THE PEOPLE OF THE STATE OF ILLINOIS, PLAINTIFF-APPELLEE,
v.
JEFFERY SMITH, DEFENDANT-APPELLANT.



The opinion of the court was delivered by: Justice McBRIDE

Appeal from the Circuit Court of Cook County Honorable Dennis J. Porter, Judge Presiding.

Following a jury trial on remand from this court, defendant- appellant, Jeffrey Smith, was found guilty of attempted murder and was sentenced to 30 years' imprisonment on June 25, 1998. Defendant appeals the verdict contending that the trial court denied him his due process right to be present when the court responded to a note the jury sent out during deliberations. Further, defendant claims that the trial court's response to the note was legally insufficient. He also maintains that the 30-year sentence imposed on him for attempted murder was excessive. The State claims all issues have been waived because defendant failed to object at the time of the alleged error and failed to raise the issues in a posttrial motion.

Detailed facts related to defendant's criminal conduct were set out by this court in our order of May 31, 1996, People v. Smith, No. 1- 94-1756 (unpublished under Supreme Court Rule 23). We state only those facts relevant to the issues raised by this appeal. Defendant's attempted murder conviction arises out of a gang-related drive-by- shooting that resulted in the death of a young man and severe injury to a young woman on October 22, 1991. The shooting occurred in the area of 79th Street and Eggleston in Chicago. The evidence at trial established that defendant was the driver of the vehicle used in the drive-by- shooting, which was a measure of retaliation against rival gang members who had thrown bricks and bottles at defendant's car earlier that day. The record reveals that up to 20 gunshots from semi-automatic weapons were fired by passengers inside defendant's automobile. While no gang members were injured as a result of the shooting, Robert Foreman, Jr., age 21, suffered a fatal gunshot wound to the chest and Meeka Johnson, age 17, suffered a severe abdominal injury.
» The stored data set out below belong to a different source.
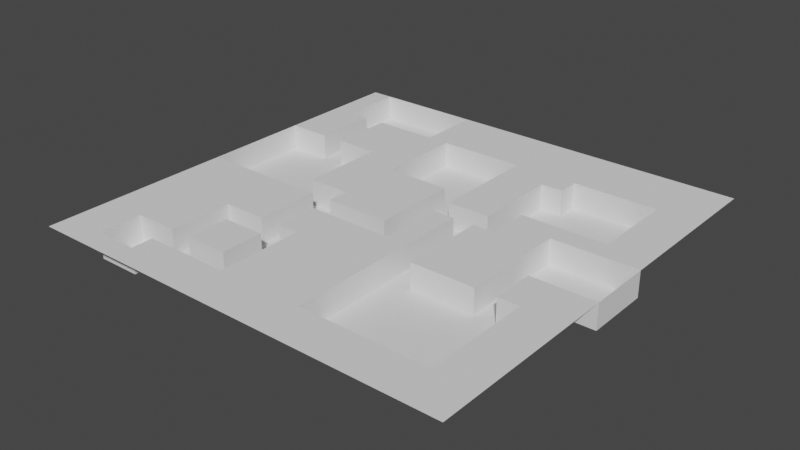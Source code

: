 # Source: BasicMap.blend  (saved by Blender 2.83.19; exported with 4.5.12 LTS)
import bpy
from mathutils import Matrix  # noqa: F401  (used for matrix-valued properties, if any)

bpy.ops.wm.read_factory_settings(use_empty=True)
scene = bpy.context.scene
scene.name = 'Scene'

# ---- collections
col_collection = bpy.data.collections.new('Collection'); scene.collection.children.link(col_collection)

# ---- world
world_world = bpy.data.worlds.new('World'); scene.world = world_world
world_world.use_nodes = True; world_world.node_tree.nodes.clear()
_N = world_world.node_tree.nodes; _L = world_world.node_tree.links
n0 = _N.new('ShaderNodeOutputWorld'); n0.name = 'World Output'; n0.location = (300, 300)
n1 = _N.new('ShaderNodeBackground'); n1.name = 'Background'; n1.location = (10, 300)
n1.inputs[0].default_value = (0.05088, 0.05088, 0.05088, 1.0)
_L.new(n1.outputs[0], n0.inputs[0])
n0.is_active_output = True
world_world.color = (0.05088, 0.05088, 0.05088)
world_world.use_sun_shadow = False
world_world.sun_shadow_jitter_overblur = 0.0

# ---- meshes
me_plane = bpy.data.meshes.new('Plane')
me_plane.from_pydata([(-1.0, -1.0, 0.0), (1.0, -1.0, 0.0), (-1.0, 1.0, 0.0), (1.0, 1.0, 0.0), (-1.0, 0.8, 0.0), (-1.0, 0.6, 0.0), (-1.0, 0.4, 0.0), (-1.0, 0.2, 0.0), (-1.0, 0.0, 0.0), (-1.0, -0.2, 0.0), (-1.0, -0.4, 0.0), (-1.0, -0.6, 0.0), (-1.0, -0.8, 0.0), (-0.8, -1.0, 0.0), (-0.6, -1.0, 0.0), (-0.4, -1.0, 0.0), (-0.2, -1.0, 0.0), (0.0, -1.0, 0.0), (0.2, -1.0, 0.0), (0.4, -1.0, 0.0), (0.6, -1.0, 0.0), (0.8, -1.0, 0.0), (1.0, -0.8, 0.0), (1.0, -0.6, 0.0), (1.0, -0.4, 0.0), (1.0, -0.2, 0.0), (1.0, 0.0, 0.0), (1.0, 0.2, 0.0), (1.0, 0.4, 0.0), (1.0, 0.6, 0.0), (1.0, 0.8, 0.0), (0.8, 1.0, 0.0), (0.6, 1.0, 0.0), (0.4, 1.0, 0.0), (0.2, 1.0, 0.0), (0.0, 1.0, 0.0), (-0.2, 1.0, 0.0), (-0.4, 1.0, 0.0), (-0.6, 1.0, 0.0), (-0.8, 1.0, 0.0), (-0.8, -0.8, 0.0), (-0.8, -0.6, 0.0), (-0.8, -0.4, 0.0), (-0.8, -0.2, 0.0), (-0.8, 0.4, 0.0), (-0.8, 0.6, 0.0), (-0.6, -0.8, 0.0), (-0.6, -0.6, 0.0), (-0.6, -0.4, 0.0), (-0.6, -0.2, 0.0), (-0.6, 0.4, 0.0), (-0.6, 0.6, 0.0), (-0.4, -0.8, 0.0), (-0.4, -0.6, 0.0), (-0.4, -0.4, 0.0), (-0.4, -0.2, 0.0), (-0.4, 0.0, 0.0), (-0.4, 0.2, 0.0), (-0.4, 0.4, 0.0), (-0.4, 0.6, 0.0), (-0.4, 0.8, 0.0), (-0.2, -0.8, 0.0), (-0.2, -0.6, 0.0), (-0.2, -0.4, 0.0), (-0.2, -0.2, 0.0), (-0.2, 0.0, 0.0), (-0.2, 0.2, 0.0), (-0.2, 0.8, 0.0), (0.0, -0.8, 0.0), (0.0, -0.6, 0.0), (0.0, -0.4, 0.0), (0.0, -0.2, 0.0), (0.0, 0.0, 0.0), (0.0, 0.2, 0.0), (0.0, 0.8, 0.0), (0.2, -0.8, 0.0), (0.2, -0.6, 0.0), (0.2, -0.4, 0.0), (0.2, -0.2, 0.0), (0.2, 0.0, 0.0), (0.2, 0.2, 0.0), (0.2, 0.4, 0.0), (0.2, 0.6, 0.0), (0.2, 0.8, 0.0), (0.4, -0.8, 0.0), (0.4, -0.2, 0.0), (0.4, 0.0, 0.0), (0.4, 0.2, 0.0), (0.4, 0.6, 0.0), (0.4, 0.8, 0.0), (0.6, -0.8, 0.0), (0.6, -0.2, 0.0), (0.6, 0.0, 0.0), (0.6, 0.2, 0.0), (0.6, 0.8, 0.0), (0.8, -0.8, 0.0), (0.8, -0.6, 0.0), (0.8, -0.4, 0.0), (0.8, -0.2, 0.0), (0.8, 0.2, 0.0), (0.8, 0.4, 0.0), (0.8, 0.6, 0.0), (0.8, 0.8, 0.0), (-1.0, -0.9, 0.0), (0.9, -1.0, 0.0), (1.0, 0.9, 0.0), (-0.9, 1.0, 0.0), (-1.0, 0.9, 0.0), (-1.0, 0.7, 0.0), (-1.0, 0.5, 0.0), (-1.0, 0.3, 0.0), (-1.0, 0.1, 0.0), (-1.0, -0.1, 0.0), (-1.0, -0.3, 0.0), (-1.0, -0.5, 0.0), (-1.0, -0.7, 0.0), (-0.9, -1.0, 0.0), (-0.7, -1.0, 0.0), (-0.5, -1.0, 0.0), (-0.3, -1.0, 0.0), (-0.1, -1.0, 0.0), (0.1, -1.0, 0.0), (0.3, -1.0, 0.0), (0.5, -1.0, 0.0), (0.7, -1.0, 0.0), (1.0, -0.9, 0.0), (1.0, -0.7, 0.0), (1.0, -0.5, 0.0), (1.0, -0.3, 0.0), (1.0, -0.1, 0.0), (1.0, 0.1, 0.0), (1.0, 0.3, 0.0), (1.0, 0.5, 0.0), (1.0, 0.7, 0.0), (0.9, 1.0, 0.0), (0.7, 1.0, 0.0), (0.5, 1.0, 0.0), (0.3, 1.0, 0.0), (0.1, 1.0, 0.0), (-0.1, 1.0, 0.0), (-0.3, 1.0, 0.0), (-0.5, 1.0, 0.0), (-0.7, 1.0, 0.0), (-0.8, -0.9, 0.0), (-0.8, -0.7, 0.0), (-0.8, -0.5, 0.0), (-0.8, -0.3, 0.0), (-0.8, -0.1, 0.0), (-0.8, 0.5, 0.0), (-0.8, 0.7, 0.0), (-0.6, -0.9, 0.0), (-0.6, -0.7, 0.0), (-0.6, -0.5, 0.0), (-0.6, -0.3, 0.0), (-0.6, -0.1, 0.0), (-0.6, 0.5, 0.0), (-0.6, 0.7, 0.0), (-0.4, 0.9, 0.0), (-0.4, -0.9, 0.0), (-0.4, -0.7, 0.0), (-0.4, -0.5, 0.0), (-0.4, -0.3, 0.0), (-0.4, -0.1, 0.0), (-0.4, 0.1, 0.0), (-0.4, 0.3, 0.0), (-0.4, 0.5, 0.0), (-0.4, 0.7, 0.0), (-0.2, 0.9, 0.0), (-0.2, -0.9, 0.0), (-0.2, -0.7, 0.0), (-0.2, -0.5, 0.0), (-0.2, -0.3, 0.0), (-0.2, -0.1, 0.0), (-0.2, 0.1, 0.0), (-0.2, 0.3, 0.0), (-0.2, 0.7, 0.0), (0.0, 0.9, 0.0), (0.0, -0.9, 0.0), (0.0, -0.7, 0.0), (0.0, -0.5, 0.0), (0.0, -0.3, 0.0), (0.0, -0.1, 0.0), (0.0, 0.1, 0.0), (0.0, 0.3, 0.0), (0.0, 0.7, 0.0), (0.2, 0.9, 0.0), (0.2, -0.9, 0.0), (0.2, -0.7, 0.0), (0.2, -0.5, 0.0), (0.2, -0.3, 0.0), (0.2, -0.1, 0.0), (0.2, 0.1, 0.0), (0.2, 0.3, 0.0), (0.2, 0.5, 0.0), (0.2, 0.7, 0.0), (0.4, 0.9, 0.0), (0.4, -0.9, 0.0), (0.4, -0.3, 0.0), (0.4, -0.1, 0.0), (0.4, 0.1, 0.0), (0.4, 0.3, 0.0), (0.4, 0.7, 0.0), (0.6, 0.9, 0.0), (0.6, -0.9, 0.0), (0.6, -0.3, 0.0), (0.6, -0.1, 0.0), (0.6, 0.1, 0.0), (0.6, 0.3, 0.0), (0.6, 0.7, 0.0), (0.8, 0.9, 0.0), (0.8, -0.9, 0.0), (0.8, -0.7, 0.0), (0.8, -0.5, 0.0), (0.8, -0.3, 0.0), (0.8, -0.1, 0.0), (0.8, 0.3, 0.0), (0.8, 0.5, 0.0), (0.8, 0.7, 0.0), (-0.9, -0.8, 0.0), (-0.9, -0.6, 0.0), (-0.9, -0.4, 0.0), (-0.9, -0.2, 0.0), (-0.9, 0.4, 0.0), (-0.9, 0.6, 0.0), (-0.9, 0.8, 0.0), (-0.7, -0.6, 0.0), (-0.7, -0.4, 0.0), (-0.7, -0.2, 0.0), (-0.7, 0.4, 0.0), (-0.7, 0.6, 0.0), (-0.5, -0.8, 0.0), (-0.5, -0.6, 0.0), (-0.5, -0.4, 0.0), (-0.5, -0.2, 0.0), (-0.5, 0.0, 0.0), (-0.5, 0.2, 0.0), (-0.5, 0.4, 0.0), (-0.5, 0.6, 0.0), (-0.3, -0.8, 0.0), (-0.3, -0.6, 0.0), (-0.3, -0.4, 0.0), (-0.3, -0.2, 0.0), (-0.3, 0.0, 0.0), (-0.3, 0.2, 0.0), (-0.3, 0.4, 0.0), (-0.3, 0.6, 0.0), (-0.3, 0.8, 0.0), (-0.1, -0.8, 0.0), (-0.1, -0.6, 0.0), (-0.1, -0.4, 0.0), (-0.1, -0.2, 0.0), (-0.1, 0.0, 0.0), (-0.1, 0.2, 0.0), (-0.1, 0.8, 0.0), (0.1, -0.8, 0.0), (0.1, -0.6, 0.0), (0.1, -0.4, 0.0), (0.1, -0.2, 0.0), (0.1, 0.0, 0.0), (0.1, 0.2, 0.0), (0.1, 0.4, 0.0), (0.1, 0.6, 0.0), (0.1, 0.8, 0.0), (0.3, -0.8, 0.0), (0.3, -0.2, 0.0), (0.3, 0.0, 0.0), (0.3, 0.2, 0.0), (0.3, 0.4, 0.0), (0.3, 0.6, 0.0), (0.3, 0.8, 0.0), (0.5, -0.8, 0.0), (0.5, -0.2, 0.0), (0.5, 0.0, 0.0), (0.5, 0.2, 0.0), (0.5, 0.8, 0.0), (0.7, -0.8, 0.0), (0.7, -0.2, 0.0), (0.7, 0.2, 0.0), (0.7, 0.8, 0.0), (0.9, -0.8, 0.0), (0.9, -0.6, 0.0), (0.9, -0.4, 0.0), (0.9, -0.2, 0.0), (0.9, 0.2, 0.0), (0.9, 0.4, 0.0), (0.9, 0.6, 0.0), (0.9, 0.8, 0.0), (0.9, 0.7, 0.0), (0.9, 0.5, 0.0), (0.9, 0.3, 0.0), (0.9, -0.1, 0.0), (0.9, -0.3, 0.0), (0.9, -0.5, 0.0), (0.9, -0.7, 0.0), (0.9, -0.9, 0.0), (0.7, 0.7, 0.0), (0.7, 0.3, 0.0), (0.7, -0.1, 0.0), (0.7, -0.3, 0.0), (0.7, -0.9, 0.0), (0.5, 0.7, 0.0), (0.5, 0.3, 0.0), (0.5, 0.1, 0.0), (0.5, -0.1, 0.0), (0.5, -0.3, 0.0), (0.5, -0.9, 0.0), (0.3, 0.7, 0.0), (0.3, 0.5, 0.0), (0.3, 0.3, 0.0), (0.3, 0.1, 0.0), (0.3, -0.1, 0.0), (0.3, -0.3, 0.0), (0.3, -0.9, 0.0), (0.1, 0.7, 0.0), (0.1, 0.5, 0.0), (0.1, 0.3, 0.0), (0.1, 0.1, 0.0), (0.1, -0.1, 0.0), (0.1, -0.3, 0.0), (0.1, -0.5, 0.0), (0.1, -0.7, 0.0), (0.1, -0.9, 0.0), (-0.1, 0.7, 0.0), (-0.1, 0.3, 0.0), (-0.1, 0.1, 0.0), (-0.1, -0.1, 0.0), (-0.1, -0.3, 0.0), (-0.1, -0.5, 0.0), (-0.1, -0.7, 0.0), (-0.1, -0.9, 0.0), (-0.3, 0.7, 0.0), (-0.3, 0.5, 0.0), (-0.3, 0.3, 0.0), (-0.3, 0.1, 0.0), (-0.3, -0.1, 0.0), (-0.3, -0.3, 0.0), (-0.3, -0.5, 0.0), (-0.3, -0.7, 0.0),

At the close of evidence, the jury was given instructions for the crimes of first degree murder with respect to Robert Foreman, Jr., and attempted first degree murder with respect to Meeka Johnson. During jury deliberation on April 13, 1998, the jury sent a note to the judge asking "can the [defendant] be charged or found with a lesser charge (2nd degree/involuntary)." Both defense counsel and defendant were absent from the courtroom at the time the note was sent out, while the assistant State's Attorneys were physically present in the courtroom. Upon receipt of the note, the trial judge contacted defense counsel via telephone and asked him how he wished to respond to the note. Counsel for both parties and the trial judge agreed on a response and ultimately sent it to the jury. The response stated: "The law applicable to the case is contained in the instructions you have been given. You are to follow those instructions."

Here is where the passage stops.